EXERCISE MATERIAL Block Start
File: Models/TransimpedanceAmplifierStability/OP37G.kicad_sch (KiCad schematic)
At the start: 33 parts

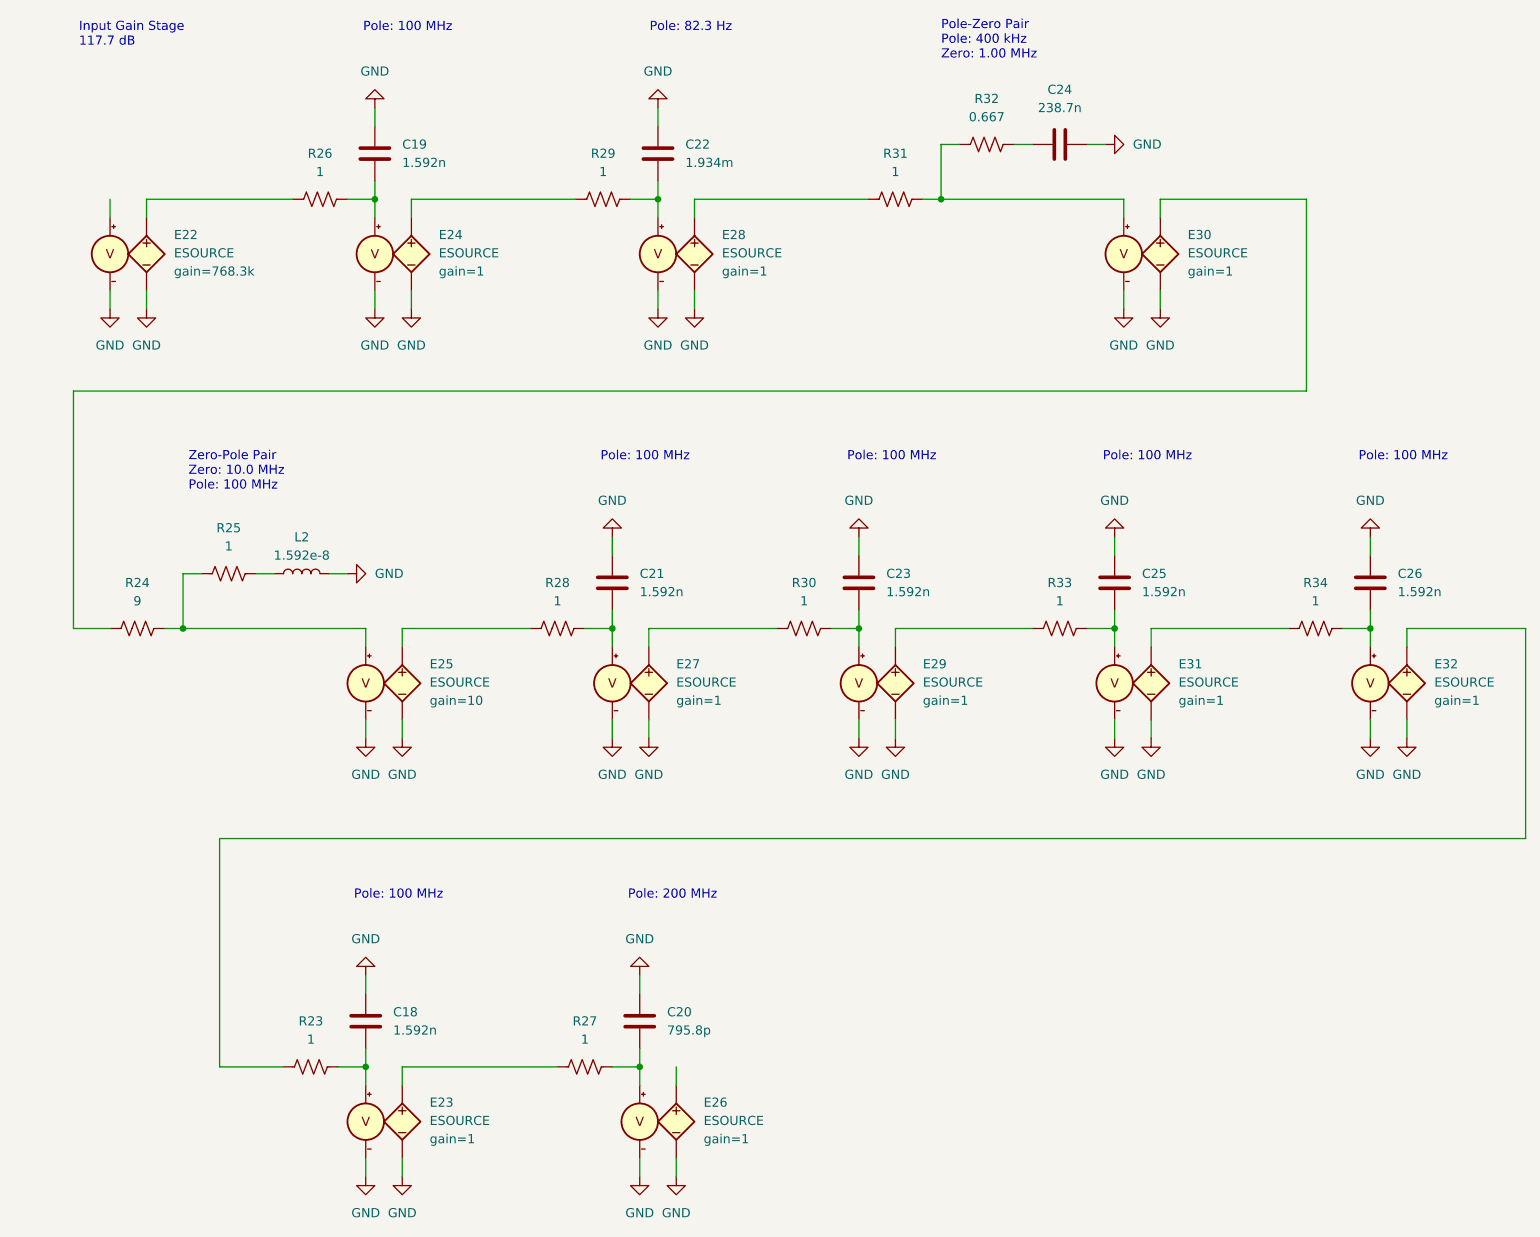
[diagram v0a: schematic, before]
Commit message: Upload latest version of TIA stability KiCad project
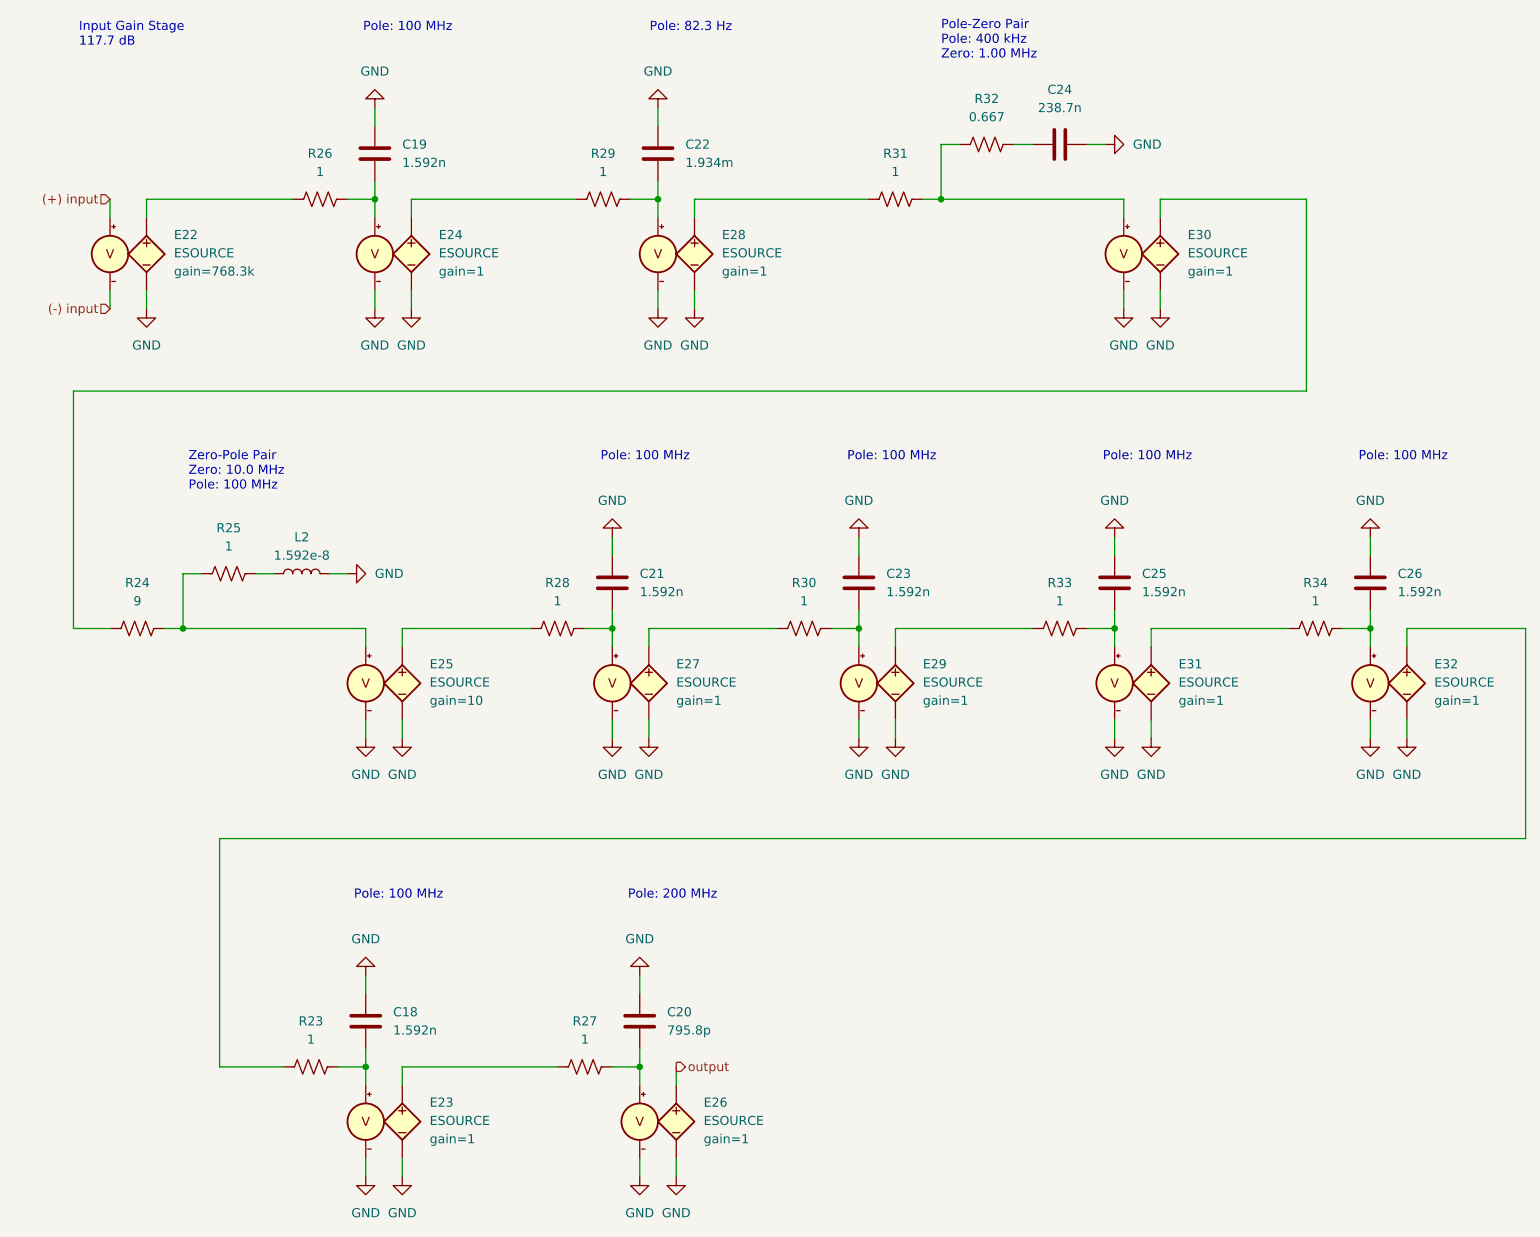
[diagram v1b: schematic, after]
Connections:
- net GND: no longer E22.4 (C-)
- net (+) input: now reaches E22.3 (C+)
- net output: now reaches E26.1 (N+)
- new net (-) input: E22.4 (C-)
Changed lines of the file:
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@@
 		)
 	)
+	(hierarchical_label "(+) input"
+		(shape input)
+		(at 59.69 44.45 180)
+		(effects
+			(font
+				(size 1.27 1.27)
+			)
+			(justify right)
+		)
+	)
+	(hierarchical_label "(-) input"
+		(shape input)
+		(at 59.69 59.69 180)
+		(effects
+			(font
+				(size 1.27 1.27)
+			)
+			(justify right)
+		)
+	)
+	(hierarchical_label "output"
+		(shape output)
+		(at 138.43 165.1 0)
+		(effects
+			(font
+				(size 1.27 1.27)
+			)
+			(justify left)
+		)
+	)
 	(symbol
 		(lib_id "power:GND")
@@
 					(unit 1)
 				)
-			)
-		)
-	)
-	(symbol
-		(lib_id "power:GND")
-		(at 59.69 59.69 0)
-		(unit 1)
-		(exclude_from_sim no)
-		(in_bom yes)
-		(on_board yes)
-		(dnp no)
-		(fields_autoplaced yes)
-		(property "Reference" "#PWR057"
-			(at 59.69 66.04 0)
-			(effects
-				(font
-					(size 1.27 1.27)
-				)
-				(hide yes)
-			)
-		)
-		(property "Value" "GND"
-			(at 59.69 64.77 0)
-			(effects
-				(font
-					(size 1.27 1.27)
-				)
-			)
-		)
-		(property "Footprint" ""
-			(at 59.69 59.69 0)
-			(effects
-				(font
-					(size 1.27 1.27)
-				)
-				(hide yes)
-			)
-		)
-		(property "Datasheet" ""
-			(at 59.69 59.69 0)
-			(effects
-				(font
-					(size 1.27 1.27)
-				)
-				(hide yes)
-			)
-		)
-		(property "Description" "Power symbol creates a global label with name \"GND\" , ground"
-			(at 59.69 59.69 0)
-			(effects
-				(font
-					(size 1.27 1.27)
-				)
-				(hide yes)
-			)
-		)
-		(pin "1"
-		)
-		(instances
-			(project "TransimpedanceAmplifierStability"
-				(path "/b282eeea-1083-4bd9-aef5-c78f2e129a69/c37de297-4abe-44bd-aa0f-b4ce0cdbfb93"
-					(reference "#PWR057")
-					(unit 1)
-				)
EXERCISE MATERIAL Block End
**PROBLEM TO WORK ON:**
Please reproduce every record exactly, leaving the pictures out.

**YOUR RESPONSE:**
File: Models/TransimpedanceAmplifierStability/OP37G.kicad_sch (KiCad schematic)
At the start: 33 parts

[diagram v0a: schematic, before]
Commit message: Upload latest version of TIA stability KiCad project
[diagram v1b: schematic, after]
Connections:
- net GND: no longer E22.4 (C-)
- net (+) input: now reaches E22.3 (C+)
- net output: now reaches E26.1 (N+)
- new net (-) input: E22.4 (C-)
Changed lines of the file:
@@
 		)
 	)
+	(hierarchical_label "(+) input"
+		(shape input)
+		(at 59.69 44.45 180)
+		(effects
+			(font
+				(size 1.27 1.27)
+			)
+			(justify right)
+		)
+	)
+	(hierarchical_label "(-) input"
+		(shape input)
+		(at 59.69 59.69 180)
+		(effects
+			(font
+				(size 1.27 1.27)
+			)
+			(justify right)
+		)
+	)
+	(hierarchical_label "output"
+		(shape output)
+		(at 138.43 165.1 0)
+		(effects
+			(font
+				(size 1.27 1.27)
+			)
+			(justify left)
+		)
+	)
 	(symbol
 		(lib_id "power:GND")
@@
 					(unit 1)
 				)
-			)
-		)
-	)
-	(symbol
-		(lib_id "power:GND")
-		(at 59.69 59.69 0)
-		(unit 1)
-		(exclude_from_sim no)
-		(in_bom yes)
-		(on_board yes)
-		(dnp no)
-		(fields_autoplaced yes)
-		(property "Reference" "#PWR057"
-			(at 59.69 66.04 0)
-			(effects
-				(font
-					(size 1.27 1.27)
-				)
-				(hide yes)
-			)
-		)
-		(property "Value" "GND"
-			(at 59.69 64.77 0)
-			(effects
-				(font
-					(size 1.27 1.27)
-				)
-			)
-		)
-		(property "Footprint" ""
-			(at 59.69 59.69 0)
-			(effects
-				(font
-					(size 1.27 1.27)
-				)
-				(hide yes)
-			)
-		)
-		(property "Datasheet" ""
-			(at 59.69 59.69 0)
-			(effects
-				(font
-					(size 1.27 1.27)
-				)
-				(hide yes)
-			)
-		)
-		(property "Description" "Power symbol creates a global label with name \"GND\" , ground"
-			(at 59.69 59.69 0)
-			(effects
-				(font
-					(size 1.27 1.27)
-				)
-				(hide yes)
-			)
-		)
-		(pin "1"
-		)
-		(instances
-			(project "TransimpedanceAmplifierStability"
-				(path "/b282eeea-1083-4bd9-aef5-c78f2e129a69/c37de297-4abe-44bd-aa0f-b4ce0cdbfb93"
-					(reference "#PWR057")
-					(unit 1)
-				)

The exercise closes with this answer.